もちろん、そのままアクセルを踏み続けてはダメですよ?ですが、スタートでは強く踏んで、そのあと徐々に緩めて巡航速度に持って行く・・・なんていうのはどのドライビングテクニック本でも書いてあります。そして、世の中半数以上の方が実践されていますよね。

運転技術以外にも、例えば年齢による認知力の衰えなど、いろいろな事情がある方が運転しているのは承知しています。ですが、ここで「5秒で20km/hまで加速して、燃費良く運転しましょう!」なんて渋滞を助長するようなことを言っているのが私にはどうしても納得が行きません。

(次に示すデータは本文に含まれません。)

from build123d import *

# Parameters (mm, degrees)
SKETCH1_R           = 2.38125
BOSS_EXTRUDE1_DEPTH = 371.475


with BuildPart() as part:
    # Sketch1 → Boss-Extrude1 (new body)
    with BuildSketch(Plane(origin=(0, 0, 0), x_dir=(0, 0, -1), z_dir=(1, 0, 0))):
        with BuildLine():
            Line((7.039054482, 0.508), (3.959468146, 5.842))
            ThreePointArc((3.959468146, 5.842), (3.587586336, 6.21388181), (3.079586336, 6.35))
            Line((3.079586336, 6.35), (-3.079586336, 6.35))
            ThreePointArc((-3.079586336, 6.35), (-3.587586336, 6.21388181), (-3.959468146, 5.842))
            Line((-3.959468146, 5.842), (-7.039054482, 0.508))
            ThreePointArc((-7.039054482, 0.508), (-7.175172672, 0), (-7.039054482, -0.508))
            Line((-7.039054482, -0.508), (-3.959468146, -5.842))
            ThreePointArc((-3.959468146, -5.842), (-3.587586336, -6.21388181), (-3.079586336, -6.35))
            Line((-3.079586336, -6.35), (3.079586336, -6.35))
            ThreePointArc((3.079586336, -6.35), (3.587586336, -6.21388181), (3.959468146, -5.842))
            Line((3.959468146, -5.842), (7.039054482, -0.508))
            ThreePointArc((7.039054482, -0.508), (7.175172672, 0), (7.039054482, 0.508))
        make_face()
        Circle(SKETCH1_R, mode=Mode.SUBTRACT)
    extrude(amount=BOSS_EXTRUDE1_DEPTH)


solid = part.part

いや、事実だと思いますよ?確かにそう加速すれば燃費はいいと思いますよ?ですが、渋滞によるコストと機会損失を他人に負わせてまですることでしょうか?社会全体として、「非エコ」になる結果をもたらしてまですることでしょうか?

私にはクルマを運転することの社会性を全く理解していない人が作った標語としか思えませんし、怒りすら覚えます。

渋滞解消の秘訣は「譲り合いと他人を思いやる心」

私はこれに尽きると思うんです。

合流車線で入ってこようとするクルマがいたら、入れるのが当たり前です。ですので私は必ず1台ずつ交互に行くように入れますし、自分が合流するときもそうします。入れるのが当たり前なんで、ハザードを2回点滅させるお礼なんていらないと思っています。

そして、他人を思いやる心。先ほども申し上げたように、いろいろな事情を抱えた方が運転しているんです。自分だけエコランに徹したり、あるいは自分の運転技術を過信してものすごいスピード差で追い越したりするのはやめましょう。高速道路では、明らかにスピード違反でも、もしかしたらドライバーさんのお母様がご危篤で急いでいるかもしれないじゃないですか?まあ、そういうときにクルマで行くなという話もあるとは思いますが、それでも、そうとでも思えば、追い越し車線で後ろに付かれても先に行かせてあげようと思うようになりませんか?

週末に走っていて、高速道路も一般道もあまりにひどい運転のクルマが多かったので、熱くなって書いてしまいました。例えば、東名高速の追い越し車線を、100km/h制限のところ80-90km/hで延々占拠して後ろに連なっているのに、登りでは60km/hくらいまでスピードが落ちちゃう方とか、青になっても、モーターだけで発進しようと躍起になっているのか、非常に緩慢な加速しかしない某人気国産PHVとか。

本当に、ドライバーの意識ひとつです。クルマの中という閉鎖された空間にいるので忘れがちですが、周りにはたくさんの人が、それぞれの事情を抱えてそうこうしていることを忘れないようにしたいものです。

・・・という今回の記事の内容は当ブログの読者さまには釈迦に説法状態ですね。ですが、どうしても言いたかったんです。

では、今回はこの辺で失礼します。ありがとうございました。